Acho válido salientar que Varda, mesmo tendo seu nome
usualmente ligado ao movimento feminista, inteligentemente reconhecia que o
pensamento lúcido caminha sempre no centro da estrada, nunca nos extremos. Ela dedicou
grande parte de sua vida a fazer de tudo para que o conjunto de obra do homem
que lutou ao seu lado não se perdesse nas páginas da história, zelosa guardiã
de seu legado artístico e, acima de tudo, difusora apaixonada de seu valor
humano.

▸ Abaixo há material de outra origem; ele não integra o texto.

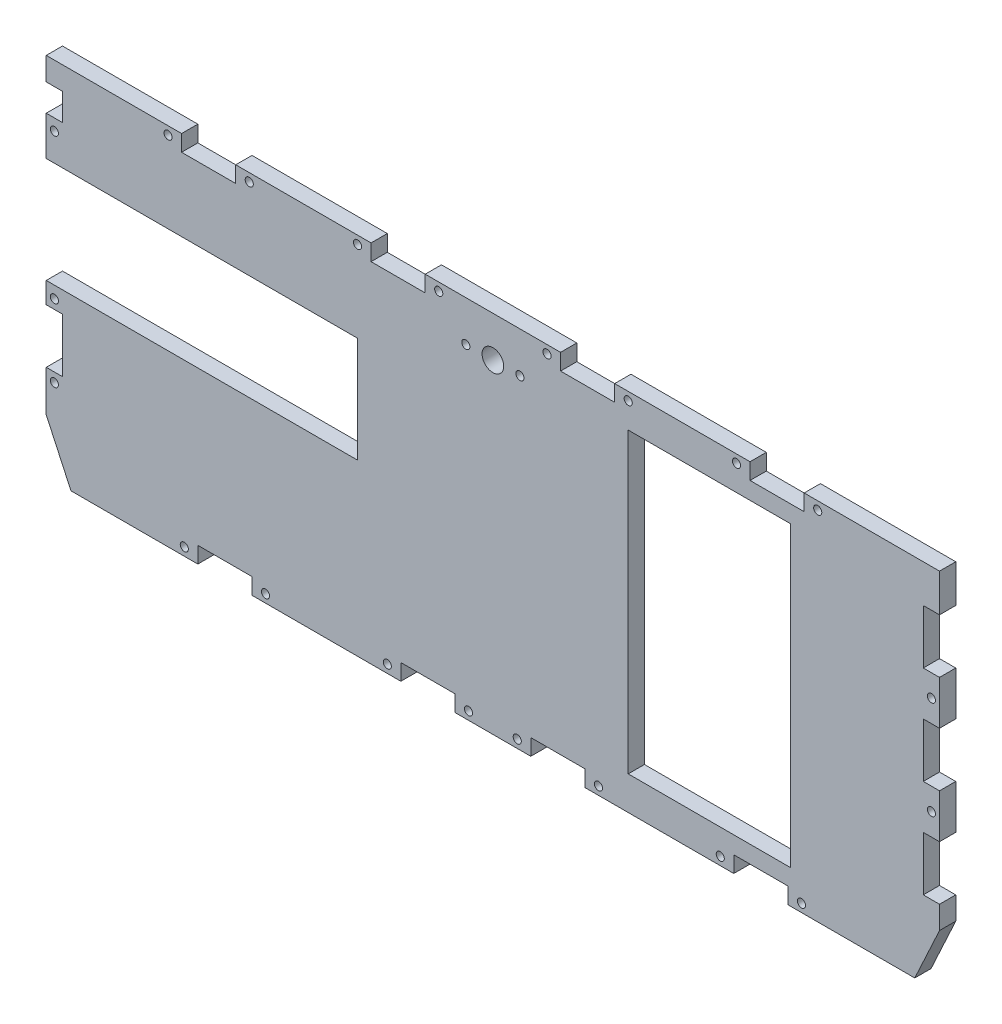
from build123d import *

# Parameters (mm, degrees)
BOSS_EXTRU_1_DEPTH      = 6
ESQUISSE3_W             = 6
ESQUISSE3_H             = 20
ESQUISSE3_H_2           = 10
ESQUISSE3_W_2           = 20
ESQUISSE3_H_3           = 6
ESQUISSE3_W_3           = 60
ESQUISSE3_H_4           = 110
ESQUISSE3_W_4           = 115
ESQUISSE3_H_5           = 39
ENL_V_MAT_EXTRU_2_DEPTH = 6
ESQUISSE4_R             = 1.5
ESQUISSE4_R_2           = 4
ENL_V_MAT_EXTRU_3_DEPTH = 6
ESQUISSE5_W             = 456.045253014
ESQUISSE5_H             = 136.228984631
ENL_V_MAT_EXTRU_4_DEPTH = 6


with BuildPart() as part:
    # Esquisse1 → Boss.-Extru.1 (new body)
    with BuildSketch(Plane.XY):
        Polygon((-165, 96.73), (165, 96.73), (165, -18.27), (123, -109.022410436), (-123, -109.022410436), (-165, -18.27), align=None)
    extrude(amount=BOSS_EXTRU_1_DEPTH)

    # Esquisse3 → Enlèv. mat.-Extru.2 (cut)
    with BuildSketch(Plane(origin=(0, 0, 0), x_dir=(-1, 0, 0), z_dir=(0, 0, -1))):
        with Locations((162, 6.94)):
            Rectangle(ESQUISSE3_W, ESQUISSE3_H)
        with Locations((162, 83.23258956)):
            Rectangle(ESQUISSE3_W, ESQUISSE3_H_2)
        with Locations((-24, -35.02)):
            Rectangle(ESQUISSE3_W_2, ESQUISSE3_H_3)
        with Locations((99, -35.02)):
            Rectangle(ESQUISSE3_W_2, ESQUISSE3_H_3)
        with Locations((-80, 29.355)):
            Rectangle(ESQUISSE3_W_3, ESQUISSE3_H_4)
        with Locations((-162, 72.73)):
            Rectangle(ESQUISSE3_W, ESQUISSE3_H)
        with Locations((24, -35.02)):
            Rectangle(ESQUISSE3_W_2, ESQUISSE3_H_3)
        with Locations((-162, 36.44)):
            Rectangle(ESQUISSE3_W, ESQUISSE3_H)
        with Locations((-162, 0.15)):
            Rectangle(ESQUISSE3_W, ESQUISSE3_H)
        with Locations((105, 93.73)):
            Rectangle(ESQUISSE3_W_2, ESQUISSE3_H_3)
        with Locations((-35, 93.73)):
            Rectangle(ESQUISSE3_W_2, ESQUISSE3_H_3)
        with Locations((35, 93.73)):
            Rectangle(ESQUISSE3_W_2, ESQUISSE3_H_3)
        with Locations((-105, 93.73)):
            Rectangle(ESQUISSE3_W_2, ESQUISSE3_H_3)
        with Locations((107.5, 44.23)):
            Rectangle(ESQUISSE3_W_4, ESQUISSE3_H_5)
        with Locations((-99, -35.02)):
            Rectangle(ESQUISSE3_W_2, ESQUISSE3_H_3)
    extrude(amount=-ENL_V_MAT_EXTRU_2_DEPTH, mode=Mode.SUBTRACT)

    # Esquisse4 → Enlèv. mat.-Extru.3 (cut)
    with BuildSketch(Plane(origin=(0, 0, 0), x_dir=(-1, 0, 0), z_dir=(0, 0, -1))):
        with Locations((162, 20.335)):
            Circle(ESQUISSE4_R)
        with Locations((114, -35.02)):
            Circle(ESQUISSE4_R)
        with Locations((162, 73.98258956)):
            Circle(ESQUISSE4_R)
        with Locations((84, -35.02)):
            Circle(ESQUISSE4_R)
        with Locations((39, -35.02)):
            Circle(ESQUISSE4_R)
        with Locations((162, -6.46)):
            Circle(ESQUISSE4_R)
        with Locations((9, -35.02)):
            Circle(ESQUISSE4_R)
        with Locations((-9, -35.02)):
            Circle(ESQUISSE4_R)
        with Locations((-39, -35.02)):
            Circle(ESQUISSE4_R)
        with Locations((-84, -35.02)):
            Circle(ESQUISSE4_R)
        with Locations((120, 93.73)):
            Circle(ESQUISSE4_R)
        with Locations((-114, -35.02)):
            Circle(ESQUISSE4_R)
        with Locations((90, 93.73)):
            Circle(ESQUISSE4_R)
        with Locations((0, 81.73)):
            Circle(ESQUISSE4_R_2)
        with Locations((50, 93.73)):
            Circle(ESQUISSE4_R)
        with Locations((20, 93.73)):
            Circle(ESQUISSE4_R)
        with Locations((-162, 18.29)):
            Circle(ESQUISSE4_R)
        with Locations((-162, 54.585)):
            Circle(ESQUISSE4_R)
        with Locations((-20, 93.73)):
            Circle(ESQUISSE4_R)
        with Locations((-50, 93.73)):
            Circle(ESQUISSE4_R)
        with Locations((-90, 93.73)):
            Circle(ESQUISSE4_R)
        with Locations((-120, 93.73)):
            Circle(ESQUISSE4_R)
        with Locations((-10, 81.73)):
            Circle(ESQUISSE4_R)
        with Locations((10, 81.73)):
            Circle(ESQUISSE4_R)
    extrude(amount=-ENL_V_MAT_EXTRU_3_DEPTH, mode=Mode.SUBTRACT)

    # Esquisse5 → Enlèv. mat.-Extru.4 (cut)
    with BuildSketch(Plane(origin=(0, 0, 0), x_dir=(-1, 0, 0), z_dir=(0, 0, -1))):
        with Locations((-18.307092018, -106.134492316)):
            Rectangle(ESQUISSE5_W, ESQUISSE5_H)
    extrude(amount=-ENL_V_MAT_EXTRU_4_DEPTH, mode=Mode.SUBTRACT)


solid = part.part
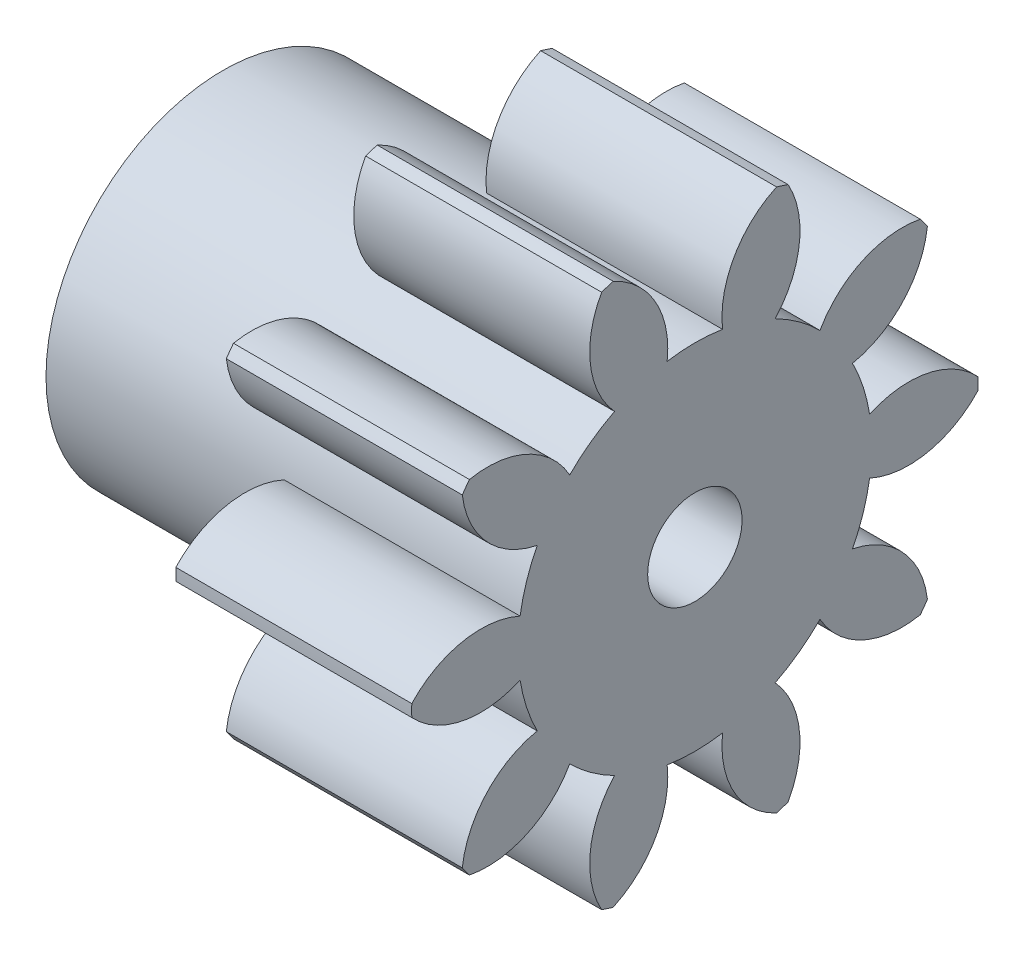
from build123d import *
from build123d.topology import SkipClean

# Parameters (mm, degrees)
BASPROSKE_W      = 10
BASPROSKE_H      = 12
TOOTHCUT_DEPTH   = 20.697715604
TEETHCUTS_COUNT  = 10
TEETHCUTS_ANGLE  = 324
HUBNEARONE_START = 10.0000508
HUBNEAONESKE_R   = 7.499
HUBNEARONE_DEPTH = 10.0000508
BORSKE_R         = 2
BORE_DEPTH       = 20.0000508


with BuildPart() as part:
    # BasProSke → Base-Revolve (revolve)
    with BuildSketch(Plane(origin=(0, 0, 0), x_dir=(1, 0, 0), z_dir=(0, 1, 0))):
        with Locations((5, 6)):
            Rectangle(BASPROSKE_W, BASPROSKE_H)
    revolve(axis=Axis((-10, 0, 0), (1, 0, 0)))

    # TooCutSke → ToothCut (cut, through all)
    with BuildSketch(Plane(origin=(0, 0, 0), x_dir=(0, 0, -1), z_dir=(1, 0, 0))):
        with BuildLine():
            ThreePointArc((1.173662691, 7.406586048), (0, 7.499), (-1.173662691, 7.406586048))
            ThreePointArc((-1.173662691, 7.406586048), (-1.668191438, 9.834565786), (-3.497907776, 11.50542856))
            ThreePointArc((-3.497907776, 11.50542856), (0, 12.0254), (3.497907776, 11.50542856))
            ThreePointArc((3.497907776, 11.50542856), (1.668191438, 9.834565786), (1.173662691, 7.406586048))
        make_face()
    toothcut = extrude(amount=TOOTHCUT_DEPTH, mode=Mode.SUBTRACT)

    # TeethCuts: ToothCut ×10 about axis
    teethcuts_axis = Axis((-10, 0, 0), (1, 0, 0))
    for i in range(1, TEETHCUTS_COUNT):
        add(toothcut.rotate(teethcuts_axis, i * TEETHCUTS_ANGLE / (TEETHCUTS_COUNT - 1)), mode=Mode.SUBTRACT)

    # HubNeaOneSke → HubNearOne (add)
    with SkipClean():  # the faces are left unmerged after this step: merging them gives an invalid solid
        with BuildSketch(Plane.ZY.offset(HUBNEARONE_START)):
            Circle(HUBNEAONESKE_R)
        extrude(amount=-HUBNEARONE_DEPTH)

    # BorSke → Bore (cut, symmetric)
    with SkipClean():  # the faces are left unmerged after this step: merging them gives an invalid solid
        with BuildSketch(Plane(origin=(0, 0, 0), x_dir=(0, 0, -1), z_dir=(1, 0, 0))):
            Circle(BORSKE_R)
        extrude(amount=BORE_DEPTH, both=True, mode=Mode.SUBTRACT)


solid = part.part
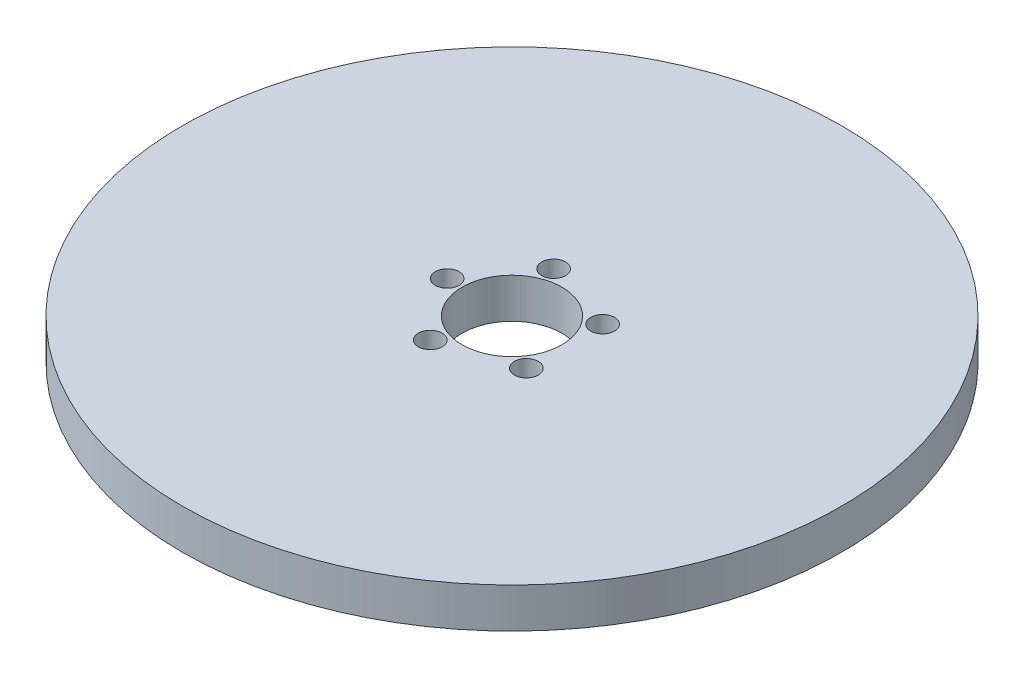
from build123d import *

# Parameters (mm, degrees)
SKETCH1_R           = 82.5
BOSS_EXTRUDE1_DEPTH = 10
SKETCH2_R           = 12.5
CUT_EXTRUDE1_DEPTH  = 118.100384286
SKETCH3_R           = 2.981424368
CUT_EXTRUDE2_DEPTH  = 9.050179742
CIRPATTERN1_COUNT   = 5


with BuildPart() as part:
    # Sketch1 → Boss-Extrude1 (new body)
    with BuildSketch(Plane(origin=(0, 0, 0), x_dir=(1, 0, 0), z_dir=(0, 1, 0))):
        Circle(SKETCH1_R)
    extrude(amount=BOSS_EXTRUDE1_DEPTH)

    # Sketch2 → Cut-Extrude1 (cut, through all)
    with BuildSketch(Plane(origin=(0, 0, 0), x_dir=(1, 0, 0), z_dir=(0, 1, 0))):
        Circle(SKETCH2_R)
    extrude(amount=CUT_EXTRUDE1_DEPTH, mode=Mode.SUBTRACT)

    # Sketch3 → Cut-Extrude2 (cut)
    with BuildSketch(Plane(origin=(0, 10, 0), x_dir=(1, 0, 0), z_dir=(0, 1, 0))):
        with Locations((-16.233113514, 0)):
            Circle(SKETCH3_R)
    cut_extrude2 = extrude(amount=-CUT_EXTRUDE2_DEPTH, mode=Mode.SUBTRACT)

    # CirPattern1: Cut-Extrude2 ×5 about axis
    cirpattern1_axis = Axis((0, 0, 0), (0, 1, 0))
    for i in range(1, CIRPATTERN1_COUNT):
        add(cut_extrude2.rotate(cirpattern1_axis, i * 360 / CIRPATTERN1_COUNT), mode=Mode.SUBTRACT)


solid = part.part

Ela foi a maestra que regeu a sinfonia de sua memória, potencializando
emoção ao marcar o compasso das grandes conquistas pessoais e sabendo extrair e
generosamente compartilhar com o público o aprendizado residual obtido nos eventos
convencionalmente classificados como de menor importância, por exemplo, a
visita terapêutica frequente à sala de cinema na adolescência, o encanto
avassalador pelo potencial crítico da teatralidade antinatural no gênero
musical, ou o lúdico apreço na infância por marionetes, com a plena consciência
de que a essência de todo indivíduo não reside em suas convicções, mas, sim, no
limiar de seus questionamentos, na madura aceitação do poder libertador da
dúvida.
Como no monumental “Jacquot de Nantes”, ao traçar no
cotidiano do menino os rastros das angústias que o levaram a buscar na
irrealidade cinematográfica doses medicinais de conforto, a força que o manteve
feliz mesmo inserido em um cenário de guerra, ela, como arqueóloga patrocinada
pela gratidão, evocando o garimpo natural de carinhosa documentarista, encontra
nas escavações psicológicas os impulsos que forjaram o caráter do homem de sua
vida. E, em um gesto de despedida muito emocionante, transforma a jornada dele
em filme, eternizando a relação na arte. Não há declaração de amor mais bela na
vida real, muito menos na ficção.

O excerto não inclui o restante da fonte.